*ACTION ITEM*.
Give back the data exactly, with no images.
[[ SUPPLIED DATA open ]]
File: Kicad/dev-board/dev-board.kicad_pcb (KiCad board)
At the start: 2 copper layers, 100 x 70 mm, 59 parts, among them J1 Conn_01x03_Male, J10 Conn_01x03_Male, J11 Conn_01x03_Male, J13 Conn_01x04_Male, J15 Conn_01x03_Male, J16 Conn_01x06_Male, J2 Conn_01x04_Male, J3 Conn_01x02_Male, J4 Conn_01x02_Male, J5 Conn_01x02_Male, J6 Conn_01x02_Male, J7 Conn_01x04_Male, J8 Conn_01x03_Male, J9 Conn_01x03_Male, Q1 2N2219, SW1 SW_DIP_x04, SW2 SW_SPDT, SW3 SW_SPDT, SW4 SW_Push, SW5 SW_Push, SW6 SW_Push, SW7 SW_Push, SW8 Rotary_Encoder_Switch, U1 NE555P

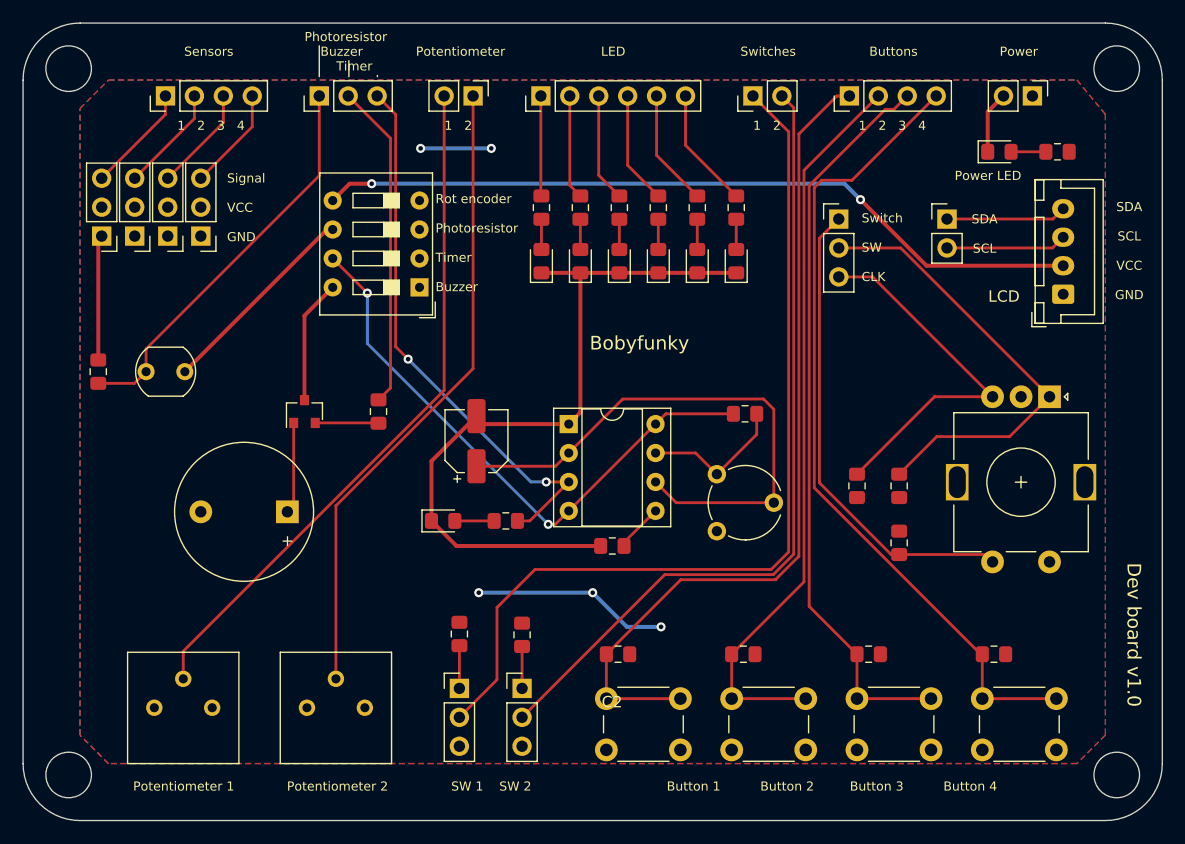
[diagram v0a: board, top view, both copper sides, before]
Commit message: Drill holes
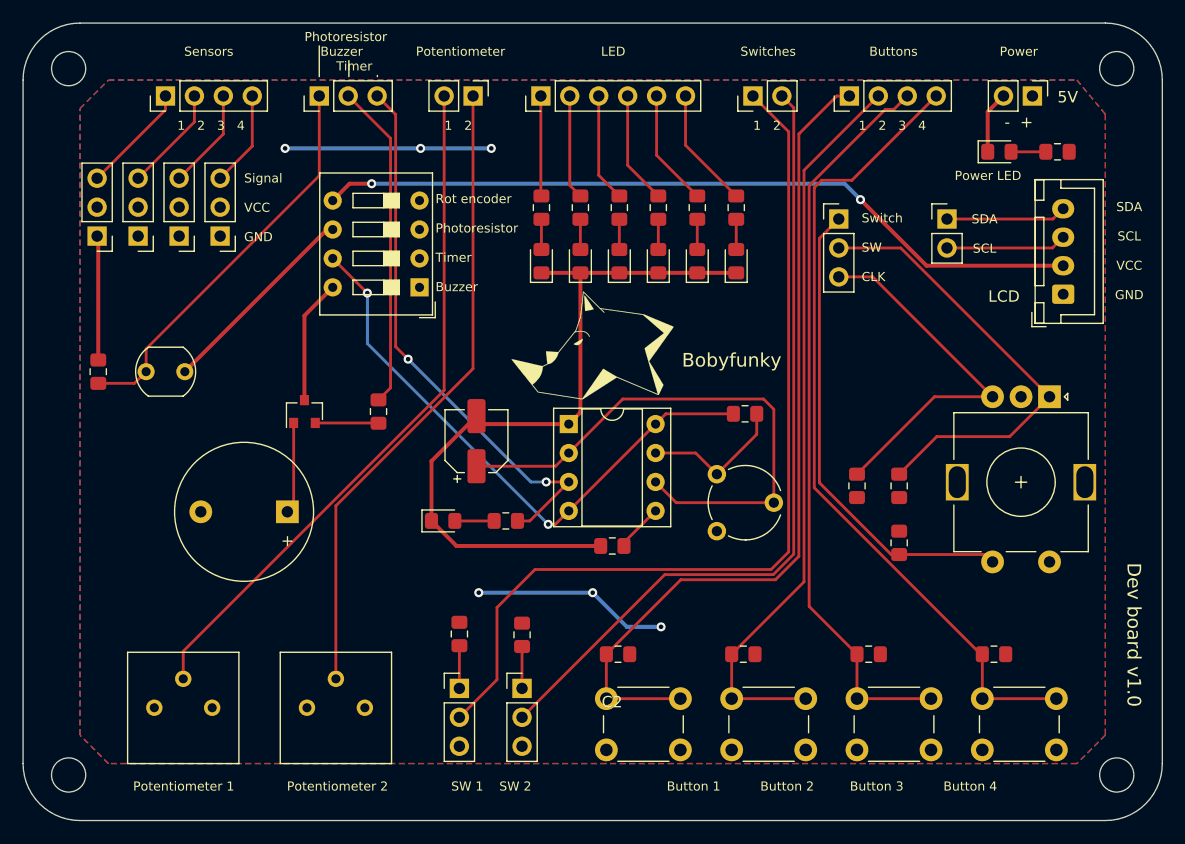
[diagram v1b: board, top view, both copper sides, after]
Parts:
- added G***: LOGO, Logo:logo_15mm, F.Cu at (150.0, 78.3)
- added G***: LOGO, Logo:logo_30mm, B.Cu at (154.3, 70.4)
- added REF**: MountingHole_3mm, MountingHole:MountingHole_3mm, F.Cu at (196.0, 54.0)
- added REF**: MountingHole_3mm, MountingHole:MountingHole_3mm, F.Cu at (196.0, 116.0)
- added REF**: MountingHole_3mm, MountingHole:MountingHole_3mm, F.Cu at (104.0, 116.0)
- added REF**: MountingHole_3mm, MountingHole:MountingHole_3mm, F.Cu at (104.0, 54.0)
- added REF**: OSHW-Symbol_8.9x8mm_SilkScreen, Symbol:OSHW-Symbol_8.9x8mm_SilkScreen, B.Cu at (127.7, 100.8)
- added REF**: WEEE-Logo_5.6x8mm_SilkScreen, Symbol:WEEE-Logo_5.6x8mm_SilkScreen, B.Cu at (114.1, 100.6)
- moved J11 1.70 mm to (117.3, 68.7)
- moved J10 1.00 mm to (113.7, 68.7)
- moved J8 0.40 mm to (106.5, 68.7)
- moved J9 0.30 mm to (110.1, 68.7)
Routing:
- net VCC: track 23.4 -> 35.3 mm, vias 5 -> 6
- net Net-(J11-Pad3): track 9.09 -> 8.39 mm
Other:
- outline, holes or cut-outs redrawn
- board text added: "- +"
- board text added: "5V"

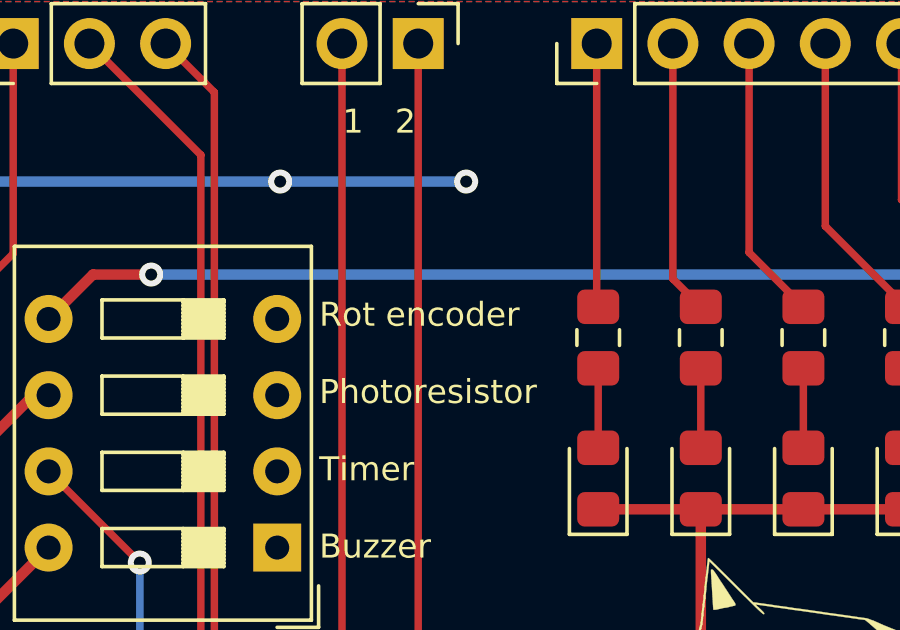
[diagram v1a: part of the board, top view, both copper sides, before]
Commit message: Add components values
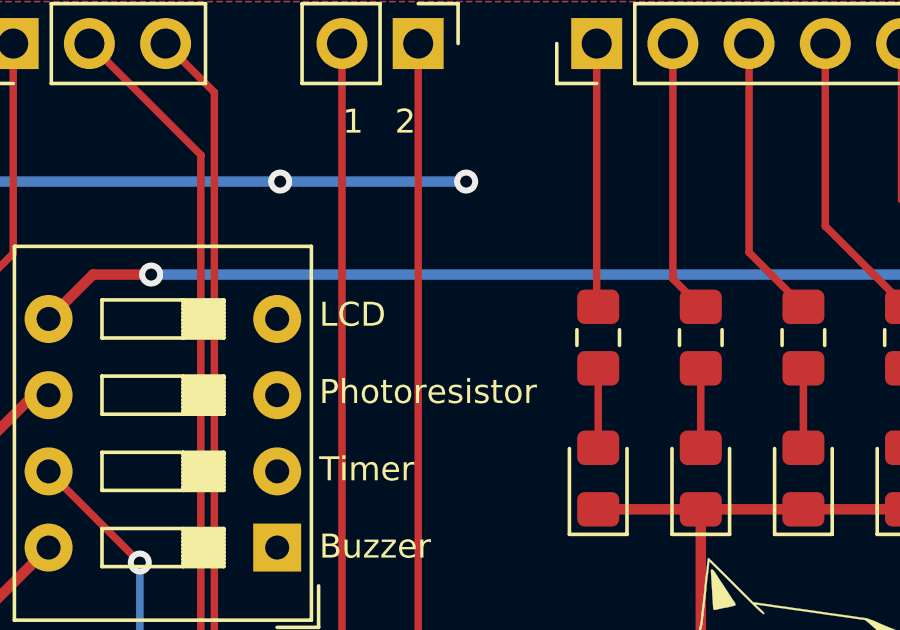
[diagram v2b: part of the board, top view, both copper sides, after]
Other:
- board text added: "LCD Photoresistor Timer Buzzer"
- board text removed: "Rot encoder Photoresistor Timer Buzzer"
[[ SUPPLIED DATA closed ]]
*EXERCISE SOLUTION*.
File: Kicad/dev-board/dev-board.kicad_pcb (KiCad board)
At the start: 2 copper layers, 100 x 70 mm, 59 parts, among them J1 Conn_01x03_Male, J10 Conn_01x03_Male, J11 Conn_01x03_Male, J13 Conn_01x04_Male, J15 Conn_01x03_Male, J16 Conn_01x06_Male, J2 Conn_01x04_Male, J3 Conn_01x02_Male, J4 Conn_01x02_Male, J5 Conn_01x02_Male, J6 Conn_01x02_Male, J7 Conn_01x04_Male, J8 Conn_01x03_Male, J9 Conn_01x03_Male, Q1 2N2219, SW1 SW_DIP_x04, SW2 SW_SPDT, SW3 SW_SPDT, SW4 SW_Push, SW5 SW_Push, SW6 SW_Push, SW7 SW_Push, SW8 Rotary_Encoder_Switch, U1 NE555P

[diagram v0a: board, top view, both copper sides, before]
Commit message: Drill holes
[diagram v1b: board, top view, both copper sides, after]
Parts:
- added G***: LOGO, Logo:logo_15mm, F.Cu at (150.0, 78.3)
- added G***: LOGO, Logo:logo_30mm, B.Cu at (154.3, 70.4)
- added REF**: MountingHole_3mm, MountingHole:MountingHole_3mm, F.Cu at (196.0, 54.0)
- added REF**: MountingHole_3mm, MountingHole:MountingHole_3mm, F.Cu at (196.0, 116.0)
- added REF**: MountingHole_3mm, MountingHole:MountingHole_3mm, F.Cu at (104.0, 116.0)
- added REF**: MountingHole_3mm, MountingHole:MountingHole_3mm, F.Cu at (104.0, 54.0)
- added REF**: OSHW-Symbol_8.9x8mm_SilkScreen, Symbol:OSHW-Symbol_8.9x8mm_SilkScreen, B.Cu at (127.7, 100.8)
- added REF**: WEEE-Logo_5.6x8mm_SilkScreen, Symbol:WEEE-Logo_5.6x8mm_SilkScreen, B.Cu at (114.1, 100.6)
- moved J11 1.70 mm to (117.3, 68.7)
- moved J10 1.00 mm to (113.7, 68.7)
- moved J8 0.40 mm to (106.5, 68.7)
- moved J9 0.30 mm to (110.1, 68.7)
Routing:
- net VCC: track 23.4 -> 35.3 mm, vias 5 -> 6
- net Net-(J11-Pad3): track 9.09 -> 8.39 mm
Other:
- outline, holes or cut-outs redrawn
- board text added: "- +"
- board text added: "5V"

[diagram v1a: part of the board, top view, both copper sides, before]
Commit message: Add components values
[diagram v2b: part of the board, top view, both copper sides, after]
Other:
- board text added: "LCD Photoresistor Timer Buzzer"
- board text removed: "Rot encoder Photoresistor Timer Buzzer"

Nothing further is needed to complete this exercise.